Anxiety

M&M
I was doing okay checking my glucose but the past two evenings I've had a very difficult time. I start getting emotional and crying before testing lol...but my numbers came out fine. This morning and early afternoon, I had no difficulty pricking myself though (perhaps being groggy helps?) and my numbers were great. 
However, just moments ago, I prepared my meter and lancet and worked up the nerve to prick myself. I had massaged my finger a little to get enough blood but the test strip didn't pick it up and I got upset...and realized I had to build up the courage to prick myself again. So I got a new test strip, prepared the lancet, but I struggled pushing the button. I must have sat there for a few minutes holding the lancet holder to my finger, trying to will myself to push the button. I started to sweat. I felt my heart pounding, and I asked my husband to do it. As he took the lancet from me, I changed my mind, because I got more anxious at the thought of him doing it. Finally, I managed to push the button and there was so much blood. Startled, I held the test strip to my finger and it read 145. I panicked even more. I quickly reached for a new test strip, clumsy from my alarm. Finger still bleeding, I held the new strip to the blood. 161. 

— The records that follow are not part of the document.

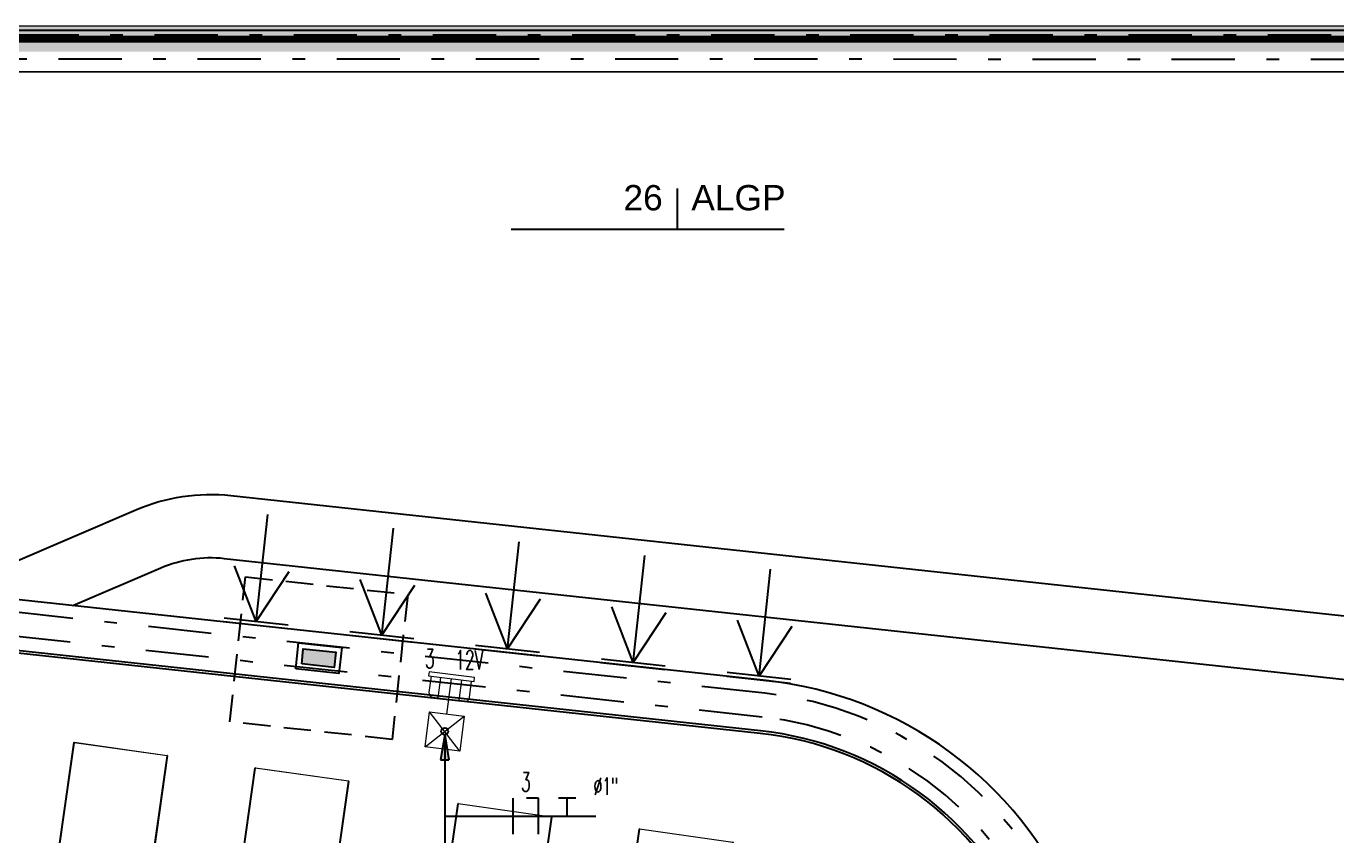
# Model space of a CAD drawing. Extents: x -14.2 to 52.3, y 2.5 to 90.9.
# Drawn here: x 29.65 to 40.01, y 36.38 to 42.78 of the extents above; entities that cross this region are included whole.
import ezdxf
from ezdxf.enums import TextEntityAlignment as Align

# ---------------------------------------------------------------- set-up
doc = ezdxf.new("R2010")
doc.units = 0
for name, pattern in [('limpo_PINI-PSG-PE-0102-LAZ-R00$0$DASHDOT', [1, 0.5, -0.25, 0, -0.25]), ('limpo_PINI-PSG-PE-0102-LAZ-R00$0$HIDDEN', [0.375, 0.25, -0.125]), ('limpo_PINI-PSG-PE-0102-LAZ-R00$0$TELEFONE_TETO', [1.04, 0.6, -0.1, 0.07, -0.1, 0.07, -0.1])]:
    doc.linetypes.add(name, pattern=pattern)
for name, color, linetype in [('LEGENDA', 2, 'Continuous'), ('limpo_PINI-PSG-PE-0102-LAZ-R00$0$E-TOMADAS', 1, 'Continuous'), ('limpo_PINI-PSG-PE-0102-LAZ-R00$0$FIACAO', 253, 'Continuous'), ('limpo_PINI-PSG-PE-0102-LAZ-R00$0$INDICACAO_CIRCUITO_FIA', 253, 'Continuous'), ('limpo_PINI-PSG-PE-0102-LAZ-R00$0$INDICACAO_DIAM_TUBULACAO', 253, 'Continuous'), ('limpo_PINI-PSG-PE-0102-LAZ-R00$0$LINHA_DE_CHAMADA', 41, 'Continuous'), ('limpo_PINI-PSG-PE-0102-LAZ-R00$0$LUMINÁRIAS', 1, 'Continuous'), ('limpo_PINI-PSG-PE-0102-LAZ-R00$0$PA_EQUI', 1, 'Continuous'), ('limpo_PINI-PSG-PE-0102-LAZ-R00$0$PA_EXTE_1', 1, 'Continuous'), ('limpo_PINI-PSG-PE-0102-LAZ-R00$0$PA_EXTE_3', 3, 'Continuous'), ('limpo_PINI-PSG-PE-0102-LAZ-R00$0$PA_HIDR', 162, 'Continuous'), ('limpo_PINI-PSG-PE-0102-LAZ-R00$0$PA_INST_HIDR', 162, 'Continuous'), ('limpo_PINI-PSG-PE-0102-LAZ-R00$0$PA_MOBI', 1, 'Continuous'), ('limpo_PINI-PSG-PE-0102-LAZ-R00$0$PA_PROJ_I', 2, 'limpo_PINI-PSG-PE-0102-LAZ-R00$0$DASHDOT'), ('limpo_PINI-PSG-PE-0102-LAZ-R00$0$QUADROS', 1, 'Continuous'), ('limpo_PINI-PSG-PE-0102-LAZ-R00$0$XR_ARQT', 7, 'Continuous'), ('limpo_PINI-PSG-PE-0102-LAZ-R00$0$XR_ELET', 31, 'Continuous'), ('XR_ARQT', 7, 'Continuous')]:
    doc.layers.add(name, color=color, linetype=linetype)
for name, color, linetype, lineweight in [('limpo_PINI-PSG-PE-0102-LAZ-R00$0$A-GLAZ-CURT', 52, 'Continuous', 5), ('limpo_PINI-PSG-PE-0102-LAZ-R00$0$A-WALL', 1, 'Continuous', 5), ('limpo_PINI-PSG-PE-0102-LAZ-R00$0$S-BEAM', 12, 'Continuous', 5)]:
    doc.layers.add(name, color=color, linetype=linetype, lineweight=lineweight)
doc.layers.add('limpo_PINI-PSG-PE-0102-LAZ-R00$0$PA_VIEW', color=1, linetype='Continuous', plot=False)
doc.styles.add('limpo_PINI-PSG-PE-0102-LAZ-R00$0$RomanS', font='romans__.ttf', dxfattribs={"width": 1.25, "height": 0.0375})
doc.styles.add('R80', font='arial.ttf', dxfattribs={"height": 0.2})

# ---------------------------------------------------------------- blocks, each defined once
blk = doc.blocks.new('limpo_PINI-PSG-PE-0102-LAZ-R00$0$A$C40715196')
at = {"lineweight": 13}
for points in [[(0, 0), (-0.2, 0), (-0.3, 0)], [(-0.3, -74.4), (-0.3, 0)], [(0, 0), (0, 0.2), (0, 0.3)], [(0, 0.3), (136.4, 0.3)], [(136.4, 0), (0, 0)], [(0, 0), (0, -74.4)], [(136.4, 0.3), (136.6, 0.2), (136.6, 0)], [(136.4, 0.3), (136.4, 0.2), (136.4, 0)], [(136.4, 0.3), (138.3, 0.3)], [(136.6, 0), (136.5, 0), (136.4, 0)], [(136.4, -74.4), (136.4, 0)], [(138.6, 0), (136.6, 0)], [(136.6, 0), (136.6, -74.4)], [(138.3, 0.3), (138.5, 0.2), (138.6, 0)], [(138.3, 0.3), (142.5, 0.3)], [(142.2, 0), (138.6, 0)], [(138.6, 0), (138.6, 0), (138.6, 0)], [(138.6, -74.4), (138.6, 0)], [(138.6, -74.4), (138.6, 0)], [(142.2, 0), (142.2, 0), (142.3, 0)], [(142.2, 0), (142.2, -74.4)], [(142.3, 0), (142.3, 0.2), (142.5, 0.3)], [(144.2, 0), (142.3, 0)], [(142.3, 0), (142.3, -74.4)], [(142.5, 0.3), (144.5, 0.3)], [(144.2, 0), (144.3, 0.2), (144.5, 0.3)], [(144.2, 0), (144.3, 0), (144.5, 0)], [(144.2, -74.4), (144.2, 0)], [(144.5, 0), (144.5, 0.2), (144.5, 0.3)], [(144.5, 0.3), (209.4, 0.3)], [(144.5, 0), (144.5, -74.4)], [(209.4, 0), (144.5, 0)], [(209.4, 0.3), (209.4, 0.2), (209.4, 0)], [(209.4, 0), (209.6, 0), (209.7, 0)], [(209.4, -74.4), (209.4, 0)], [(209.7, 0), (209.7, -74.4)], [(140.5, -1.2), (140.6, -0.9), (140.8, -0.7), (141.1, -0.6)], [(140.5, -1.2), (140.7, -1.2), (140.8, -1.2)], [(140.5, -73.2), (140.5, -1.2)], [(141.1, -0.8), (140.9, -0.8), (140.8, -1), (140.8, -1.2)], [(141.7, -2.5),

Now I'm realizing I had anxiety for my GTT and that probably is what affected my numbers. My doctor messed up my first test. It wasn't the right one, and they had drew blood three times for it. So for my 3 hour I was nervous because the first test left purple bruises where they drew blood and they were going to have to draw blood from those areas again...4 times this time.
On top of that, I've always been an anxious person. My pregnancy, especially my first trimester and end of second trimester, has been very stressful.
Now I'm wondering how harmful my stress has been on baby, and if my stress & anxiety monitoring my blood sugars is going to do more harm than good. 
Anyone else have anxiety and notice it affecting their numbers? Did you manage to control it?